Edit - I think you''re right, the smaller bubbles seem like they would work better. It would give the HCL more time to gain O2, when compared to large bubbles that would get to the top of the bucket faster. Or in other words :lol: The small bubbles would slowly "fizz" to the top, where as the large bubbles would just "bloop" and be gone.


----------



## FrugalRefiner (Aug 16, 2016)

As I recall from my days of taking care of aquariums, it's not really the bubbles that oxygenate an aquarium, it's the movement of the water at the top of the tank and the disturbance of the surface tension as the bubbles break. Tiny bubbles might be _slightly_ more effective, but probably not by much. It's more important that the water (or in our case, the solution) be able to mix and move as the bubbles rise.

Dave


----------



## anachronism (Aug 16, 2016)

FrugalRefiner said:


> As I recall from my days of taking care of aquariums, it's not really the bubbles that oxygenate an aquarium, it's the movement of the water at the top of the tank and the disturbance of the surface tension as the bubbles break. Tiny bubbles might be _slightly_ more effective, but probably not by much. It's more important that the water (or in our case, the solution) be able to mix and move as the bubbles rise.
> 
> Dave



One of the best ways to oxygenate a small leach tank is to make a vortex. Exactly the same principle Dave. That and plunging liquid into it from above.


----------



## goldsilverpro (Aug 16, 2016)

This is a typical air sparger placed in the bottom of a plating tank to produce air agitation. I have built several of them. When the air is turned on high (always from a blower, not a compressor), solution levels can raise 2"-3". The one in the drawing is made wrong, in that the holes in the pipes should be directed downward at about a 30-45 degree angle, Also, every one I've seen has 2 rows of holes in each pipe, with about a 60-90 degree angle between the 2 rows, here again, the holes are directed downward at an angle. The sparger should be raised off the bottom at least a half inch.

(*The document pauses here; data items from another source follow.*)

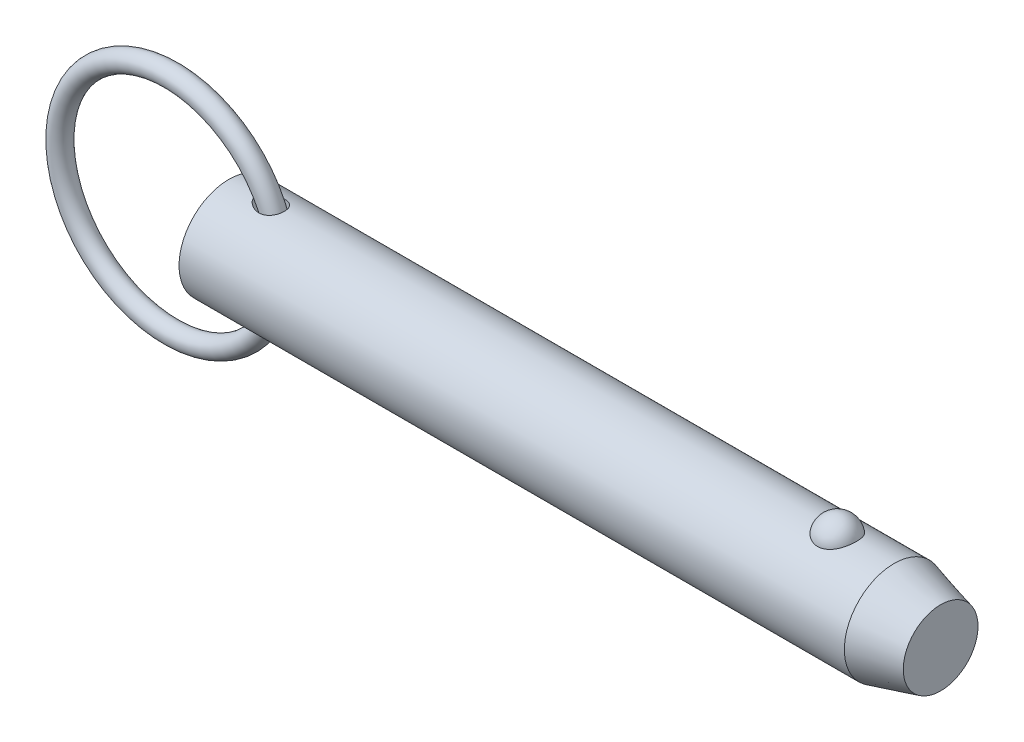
ISO-10303-21;
HEADER;
FILE_DESCRIPTION(('STEP AP214'),'2;1');
FILE_NAME('part.step','',(''),(''),'','','');
FILE_SCHEMA(('AUTOMOTIVE_DESIGN { 1 0 10303 214 1 1 1 1 }'));
ENDSEC;
DATA;
#1=APPLICATION_CONTEXT('core data for automotive mechanical design processes');
#2=APPLICATION_PROTOCOL_DEFINITION('international standard','automotive_design',2000,#1);
#3=PRODUCT_CONTEXT('',#1,'mechanical');
#4=PRODUCT('Part','Part','',(#3));
#5=PRODUCT_RELATED_PRODUCT_CATEGORY('part','',(#4));
#6=PRODUCT_DEFINITION_FORMATION('','',#4);
#7=PRODUCT_DEFINITION_CONTEXT('part definition',#1,'design');
#8=PRODUCT_DEFINITION('design','',#6,#7);
#9=PRODUCT_DEFINITION_SHAPE('','',#8);
#10=(LENGTH_UNIT() NAMED_UNIT(*) SI_UNIT(.MILLI.,.METRE.));
#11=(NAMED_UNIT(*) PLANE_ANGLE_UNIT() SI_UNIT($,.RADIAN.));
#12=(NAMED_UNIT(*) SI_UNIT($,.STERADIAN.) SOLID_ANGLE_UNIT());
#13=UNCERTAINTY_MEASURE_WITH_UNIT(LENGTH_MEASURE(1.E-05),#10,'distance_accuracy_value','');
#14=(GEOMETRIC_REPRESENTATION_CONTEXT(3) GLOBAL_UNCERTAINTY_ASSIGNED_CONTEXT((#13)) GLOBAL_UNIT_ASSIGNED_CONTEXT((#10,
#11,#12)) REPRESENTATION_CONTEXT('',''));
#15=CARTESIAN_POINT('',(0.,0.,0.));
#16=DIRECTION('',(0.,0.,1.));
#17=DIRECTION('',(1.,0.,0.));
#18=AXIS2_PLACEMENT_3D('',#15,#16,#17);
#19=CARTESIAN_POINT('',(-8.23730968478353,0.,0.));
#20=DIRECTION('',(0.,0.,1.));
#21=DIRECTION('',(1.,0.,0.));
#22=AXIS2_PLACEMENT_3D('',#19,#20,#21);
#23=TOROIDAL_SURFACE('',#22,15.875,1.422);
#24=CARTESIAN_POINT('',(9.05969031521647,0.,0.));
#25=VERTEX_POINT('',#24);
#26=VERTEX_LOOP('',#25);
#27=FACE_BOUND('',#26,.T.);
#28=ADVANCED_FACE('P0_F12',(#27),#23,.T.);
#29=CLOSED_SHELL('',(#28));
#30=MANIFOLD_SOLID_BREP('P0_B1',#29);
#31=CARTESIAN_POINT('',(0.,0.,0.));
#32=DIRECTION('',(1.,0.,0.));
#33=DIRECTION('',(0.,0.,-1.));
#34=AXIS2_PLACEMENT_3D('',#31,#32,#33);
#35=CYLINDRICAL_SURFACE('',#34,7.11);
#36=CARTESIAN_POINT('',(3.98467340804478,7.10072679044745,-0.363013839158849));
#37=CARTESIAN_POINT('',(4.00971652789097,7.09600153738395,-0.45539194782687));
#38=CARTESIAN_POINT('',(4.04401947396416,7.08958406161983,-0.545230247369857));
#39=CARTESIAN_POINT('',(4.12810160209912,7.07427055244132,-0.717157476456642));
#40=CARTESIAN_POINT('',(4.17791765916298,7.06536861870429,-0.799227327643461));
#41=CARTESIAN_POINT('',(4.28924471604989,7.04620300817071,-0.953469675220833));
#42=CARTESIAN_POINT('',(4.35063580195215,7.035953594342,-1.02573162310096));
#43=CARTESIAN_POINT('',(4.48282610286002,7.01493313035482,-1.16081412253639));
#44=CARTESIAN_POINT('',(4.55362244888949,7.00416223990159,-1.22363754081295));
#45=CARTESIAN_POINT('',(4.71659336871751,6.98090398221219,-1.35055080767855));
#46=CARTESIAN_POINT('',(4.81029272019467,6.96847103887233,-1.41269256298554));
#47=CARTESIAN_POINT('',(5.0057240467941,6.94515366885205,-1.52319699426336));
#48=CARTESIAN_POINT('',(5.10746392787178,6.93427079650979,-1.57154588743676));
#49=CARTESIAN_POINT('',(5.33503739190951,6.91346066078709,-1.66091325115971));
#50=CARTESIAN_POINT('',(5.46199550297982,6.90402388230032,-1.69921932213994));
#51=CARTESIAN_POINT('',(5.72084799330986,6.89024030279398,-1.75428261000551));
#52=CARTESIAN_POINT('',(5.85274301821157,6.88589416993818,-1.77103699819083));
#53=CARTESIAN_POINT('',(6.11557710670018,6.88337277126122,-1.78081990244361));
#54=CARTESIAN_POINT('',(6.24650031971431,6.88510489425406,-1.77420448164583));
#55=CARTESIAN_POINT('',(6.50446311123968,6.89478744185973,-1.73620392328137));
#56=CARTESIAN_POINT('',(6.6315075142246,6.90272978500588,-1.70485097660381));
#57=CARTESIAN_POINT('',(6.85933269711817,6.92243075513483,-1.62281888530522));
#58=CARTESIAN_POINT('',(6.96133251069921,6.93352131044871,-1.5753580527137));
#59=CARTESIAN_POINT('',(7.15436649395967,6.95824811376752,-1.46226310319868));
#60=CARTESIAN_POINT('',(7.24540699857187,6.97188287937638,-1.3966395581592));
#61=CARTESIAN_POINT('',(7.40446019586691,6.99838217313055,-1.25668991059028));
#62=CARTESIAN_POINT('',(7.473875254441,7.01118308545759,-1.18393777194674));
#63=CARTESIAN_POINT('',(7.59904891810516,7.03582803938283,-1.02736918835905));
#64=CARTESIAN_POINT('',(7.65481029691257,7.04767227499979,-0.943554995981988));
#65=CARTESIAN_POINT('',(7.74982438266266,7.06873077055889,-0.76979592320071));
#66=CARTESIAN_POINT('',(7.7894903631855,7.07800861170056,-0.680084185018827));
#67=CARTESIAN_POINT('',(7.85354088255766,7.09334756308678,-0.495102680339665));
#68=CARTESIAN_POINT('',(7.87792559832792,7.09940871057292,-0.399832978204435));
#69=CARTESIAN_POINT('',(7.9108898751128,7.10766731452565,-0.206294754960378));
#70=CARTESIAN_POINT('',(7.91944662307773,7.10985919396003,-0.108022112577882));
#71=CARTESIAN_POINT('',(7.920501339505,7.11012756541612,0.0886168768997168));
#72=CARTESIAN_POINT('',(7.91299895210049,7.10820396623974,0.186983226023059));
#73=CARTESIAN_POINT('',(7.88205794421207,7.10043733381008,0.381270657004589));
#74=CARTESIAN_POINT('',(7.85857985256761,7.09458459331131,0.477185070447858));
#75=CARTESIAN_POINT('',(7.79617406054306,7.07958431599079,0.663575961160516));
#76=CARTESIAN_POINT('',(7.75724672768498,7.07043685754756,0.754052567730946));
#77=CARTESIAN_POINT('',(7.66496731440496,7.04987259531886,0.926798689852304));
#78=CARTESIAN_POINT('',(7.61164530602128,7.0384605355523,1.00908483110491));
#79=CARTESIAN_POINT('',(7.49191707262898,7.01461776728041,1.16333092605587));
#80=CARTESIAN_POINT('',(7.42551210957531,7.00218715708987,1.235291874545));
#81=CARTESIAN_POINT('',(7.28164031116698,6.97770944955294,1.36680167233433));
#82=CARTESIAN_POINT('',(7.20420170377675,6.96566146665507,1.42638126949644));
#83=CARTESIAN_POINT('',(7.0403906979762,6.94319963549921,1.53199377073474));
#84=CARTESIAN_POINT('',(6.95401827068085,6.93278579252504,1.57802663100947));
#85=CARTESIAN_POINT('',(6.7731858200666,6.91444459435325,1.65656940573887));
#86=CARTESIAN_POINT('',(6.67860569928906,6.90656682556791,1.68881327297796));
#87=CARTESIAN_POINT('',(6.48544119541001,6.89422806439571,1.73849768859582));
#88=CARTESIAN_POINT('',(6.38685561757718,6.88976809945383,1.755933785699));
#89=CARTESIAN_POINT('',(6.18089829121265,6.88429907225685,1.77726234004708));
#90=CARTESIAN_POINT('',(6.07340937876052,6.88356485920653,1.78007646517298));
#91=CARTESIAN_POINT('',(5.85921220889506,6.886086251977,1.77029087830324));
#92=CARTESIAN_POINT('',(5.75250426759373,6.88934339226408,1.75768523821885));
#93=CARTESIAN_POINT('',(5.52848027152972,6.89994454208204,1.71563399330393));
#94=CARTESIAN_POINT('',(5.41155168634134,6.90775772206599,1.68424184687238));
#95=CARTESIAN_POINT('',(5.18376466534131,6.92670168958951,1.60454711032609));
#96=CARTESIAN_POINT('',(5.07291446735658,6.9378368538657,1.5562221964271));
#97=CARTESIAN_POINT('',(4.84835244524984,6.96347168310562,1.43744827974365));
#98=CARTESIAN_POINT('',(4.73562531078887,6.97820486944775,1.36517310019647));
#99=CARTESIAN_POINT('',(4.52504912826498,7.00822340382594,1.20158053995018));
#100=CARTESIAN_POINT('',(4.42717478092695,7.02350775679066,1.11029618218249));
#101=CARTESIAN_POINT('',(4.27935716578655,7.04784659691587,0.940654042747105));
#102=CARTESIAN_POINT('',(4.2239722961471,7.05736064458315,0.867099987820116));
#103=CARTESIAN_POINT('',(4.12558347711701,7.07469854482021,0.711919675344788));
#104=CARTESIAN_POINT('',(4.08256922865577,7.0825238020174,0.630300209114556));
#105=CARTESIAN_POINT('',(4.01142860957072,7.09565978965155,0.459428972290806));
#106=CARTESIAN_POINT('',(3.98346043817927,7.10094374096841,0.370107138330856));
#107=CARTESIAN_POINT('',(3.95517285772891,7.1063173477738,0.233358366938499));
#108=CARTESIAN_POINT('',(3.94802115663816,7.1076831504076,0.187321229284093));
#109=CARTESIAN_POINT('',(3.93842121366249,7.10951900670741,0.0947476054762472));
#110=CARTESIAN_POINT('',(3.93597129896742,7.10998937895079,0.0482113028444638));
#111=CARTESIAN_POINT('',(3.93584361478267,7.11001358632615,-0.0598597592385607));
#112=CARTESIAN_POINT('',(3.9399538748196,7.10922402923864,-0.121405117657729));
#113=CARTESIAN_POINT('',(3.95632793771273,7.10609781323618,-0.243320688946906));
#114=CARTESIAN_POINT('',(3.96859135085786,7.10376122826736,-0.303690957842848));
#115=CARTESIAN_POINT('',(3.98467340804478,7.10072679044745,-0.363013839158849));
#116=B_SPLINE_CURVE_WITH_KNOTS('',3,(#36,#37,#38,#39,#40,#41,#42,#43,#44,#45,#46,#47,#48,#49,
#50,#51,#52,#53,#54,#55,#56,#57,#58,#59,#60,#61,#62,#63,#64,#65,#66,#67,#68,#69,#70,#71,#72,#73,
#74,#75,#76,#77,#78,#79,#80,#81,#82,#83,#84,#85,#86,#87,#88,#89,#90,#91,#92,#93,#94,#95,#96,#97,
#98,#99,#100,#101,#102,#103,#104,#105,#106,#107,#108,#109,#110,#111,#112,#113,#114,#115),
.UNSPECIFIED.,.T.,.F.,(4,2,2,2,2,2,2,2,2,2,2,2,2,2,2,2,2,2,2,2,2,2,2,2,2,2,2,2,2,2,2,2,2,2,2,2,
2,2,2,4),(0.,0.287206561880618,0.575101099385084,0.860162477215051,1.14513709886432,
1.48324846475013,1.82169652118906,2.21865672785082,2.6156690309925,3.00665870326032,
3.39714041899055,3.73437585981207,4.07141541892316,4.37402271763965,4.67656849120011,
4.97076150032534,5.26495110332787,5.55956439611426,5.85418421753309,6.14953461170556,
6.44487798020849,6.73960905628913,7.03431171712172,7.32827352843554,7.6222362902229,
7.9216396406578,8.22113296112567,8.54242840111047,8.86384740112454,9.22635035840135,
9.58933304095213,9.99153142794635,10.3930368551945,10.6697219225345,10.9461759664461,
11.2254825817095,11.3650959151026,11.5046595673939,11.6891051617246,11.8735419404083),.UNSPECIFIED.);
#117=CARTESIAN_POINT('',(3.98467340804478,7.10072679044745,-0.363013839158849));
#118=VERTEX_POINT('',#117);
#119=EDGE_CURVE('P1_E40',#118,#118,#116,.T.);
#120=ORIENTED_EDGE('',*,*,#119,.T.);
#121=EDGE_LOOP('',(#120));
#122=FACE_BOUND('',#121,.T.);
#123=CARTESIAN_POINT('',(94.9362796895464,0.,0.));
#124=DIRECTION('',(1.,0.,0.));
#125=DIRECTION('',(0.,0.,-1.));
#126=AXIS2_PLACEMENT_3D('',#123,#124,#125);
#127=CIRCLE('',#126,7.11);
#128=CARTESIAN_POINT('',(94.9362796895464,0.,-7.11));
#129=VERTEX_POINT('',#128);
#130=EDGE_CURVE('P1_E25',#129,#129,#127,.T.);
#131=ORIENTED_EDGE('',*,*,#130,.F.);
#132=EDGE_LOOP('',(#131));
#133=FACE_BOUND('',#132,.T.);
#134=CARTESIAN_POINT('',(0.,0.,0.));
#135=DIRECTION('',(1.,0.,0.));
#136=DIRECTION('',(0.,0.,-1.));
#137=AXIS2_PLACEMENT_3D('',#134,#135,#136);
#138=CIRCLE('',#137,7.11);
#139=CARTESIAN_POINT('',(0.,0.,-7.11));
#140=VERTEX_POINT('',#139);
#141=EDGE_CURVE('P1_E9',#140,#140,#138,.T.);
#142=ORIENTED_EDGE('',*,*,#141,.T.);
#143=EDGE_LOOP('',(#142));
#144=FACE_BOUND('',#143,.T.);
#145=CARTESIAN_POINT('',(86.829258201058,6.53646663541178,2.79762469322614));
#146=CARTESIAN_POINT('',(86.6844296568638,6.53647876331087,2.79761243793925));
#147=CARTESIAN_POINT('',(86.5393684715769,6.54144531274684,2.78608115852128));
#148=CARTESIAN_POINT('',(86.2532920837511,6.56077791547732,2.74023282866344));
#149=CARTESIAN_POINT('',(86.1122884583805,6.57516852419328,2.70585624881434));
#150=CARTESIAN_POINT('',(85.8388833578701,6.61165072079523,2.6154404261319));
#151=CARTESIAN_POINT('',(85.7064602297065,6.63372195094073,2.55945840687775));
#152=CARTESIAN_POINT('',(85.4532337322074,6.68316012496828,2.42742958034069));
#153=CARTESIAN_POINT('',(85.3324254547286,6.71052481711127,2.35139129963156));
#154=CARTESIAN_POINT('',(85.1016372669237,6.76860821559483,2.17866150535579));
#155=CARTESIAN_POINT('',(84.9920857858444,6.79940242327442,2.08142342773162));
#156=CARTESIAN_POINT('',(84.7903340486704,6.86050242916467,1.87020907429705));
#157=CARTESIAN_POINT('',(84.6981390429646,6.89080807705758,1.75622775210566));
#158=CARTESIAN_POINT('',(84.5292547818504,6.94923069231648,1.50900646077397));
#159=CARTESIAN_POINT('',(84.4534289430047,6.97719213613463,1.37513873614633));
#160=CARTESIAN_POINT('',(84.3242063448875,7.02647251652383,1.09584817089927));
#161=CARTESIAN_POINT('',(84.2708109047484,7.04779106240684,0.950424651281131));
#162=CARTESIAN_POINT('',(84.1871019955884,7.08180248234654,0.650508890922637));
#163=CARTESIAN_POINT('',(84.1570253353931,7.09440672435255,0.495940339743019));
#164=CARTESIAN_POINT('',(84.121473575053,7.10935121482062,0.183515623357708));
#165=CARTESIAN_POINT('',(84.1159974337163,7.11169189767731,0.0256595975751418));
#166=CARTESIAN_POINT('',(84.129700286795,7.10589702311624,-0.287512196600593));
#167=CARTESIAN_POINT('',(84.1486823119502,7.0978451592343,-0.442838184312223));
#168=CARTESIAN_POINT('',(84.2105745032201,7.07221860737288,-0.747830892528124));
#169=CARTESIAN_POINT('',(84.2534850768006,7.05464375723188,-0.897497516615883));
#170=CARTESIAN_POINT('',(84.3624527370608,7.01171031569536,-1.18722864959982));
#171=CARTESIAN_POINT('',(84.4285458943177,6.98633960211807,-1.32727778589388));
#172=CARTESIAN_POINT('',(84.5825362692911,6.93042258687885,-1.59370324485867));
#173=CARTESIAN_POINT('',(84.6704355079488,6.89987580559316,-1.72007829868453));
#174=CARTESIAN_POINT('',(84.8669269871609,6.83659510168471,-1.95657345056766));
#175=CARTESIAN_POINT('',(84.9756640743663,6.80384697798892,-2.06656957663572));
#176=CARTESIAN_POINT('',(85.2109686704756,6.74001831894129,-2.26611005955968));
#177=CARTESIAN_POINT('',(85.3375350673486,6.7089376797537,-2.3556556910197));
#178=CARTESIAN_POINT('',(85.6028454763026,6.65264442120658,-2.51019726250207));
#179=CARTESIAN_POINT('',(85.7413230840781,6.62733449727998,-2.57561395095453));
#180=CARTESIAN_POINT('',(86.0285194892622,6.58495995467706,-2.68211134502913));
#181=CARTESIAN_POINT('',(86.1772343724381,6.56789220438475,-2.72320129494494));
#182=CARTESIAN_POINT('',(86.4726268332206,6.54478663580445,-2.77825810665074));
#183=CARTESIAN_POINT('',(86.6190295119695,6.53823639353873,-2.79348727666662));
#184=CARTESIAN_POINT('',(86.9124700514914,6.5353271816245,-2.80028921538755));
#185=CARTESIAN_POINT('',(87.0595077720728,6.53896606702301,-2.79186696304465));
#186=CARTESIAN_POINT('',(87.3449210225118,6.55570357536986,-2.75232178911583));
#187=CARTESIAN_POINT('',(87.4834221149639,6.56848455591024,-2.72196077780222));
#188=CARTESIAN_POINT('',(87.7531142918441,6.60173528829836,-2.64028774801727));
#189=CARTESIAN_POINT('',(87.884304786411,6.62220565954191,-2.58897404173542));
#190=CARTESIAN_POINT('',(88.1388462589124,6.66917927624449,-2.46547820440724));
#191=CARTESIAN_POINT('',(88.2619691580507,6.69580233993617,-2.39287266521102));
#192=CARTESIAN_POINT('',(88.4944418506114,6.75207041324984,-2.22915269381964));
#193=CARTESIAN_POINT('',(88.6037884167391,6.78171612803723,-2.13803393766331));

The one in the drawing has 2 legs. I've seen them with 1, 2, or 3 legs. A problem with all these spargers is that, since the air is directed somewhat downward, they want to raise up. In a big plating tank, say 1000 gallon, they solve the problem by pacing lead weights, coated with Plastisol, on top of the bottom pipes. With a small tank, it can be solved by using rigid plastic pipe and clamping the vertical pipe well. One could also use a a vertical pipe on each end and securing each pipe at the top. I've also used small round plastic spargers that fit into a 600ml beaker.

The one in the drawing is probably not the best arrangement for what you're doing. As far as hole diameter, pipe diameter, etc., I have no idea. I would probably design it for an aquarium air pump and use much smaller holes. Being directed toward the bottom really fills the tank with air.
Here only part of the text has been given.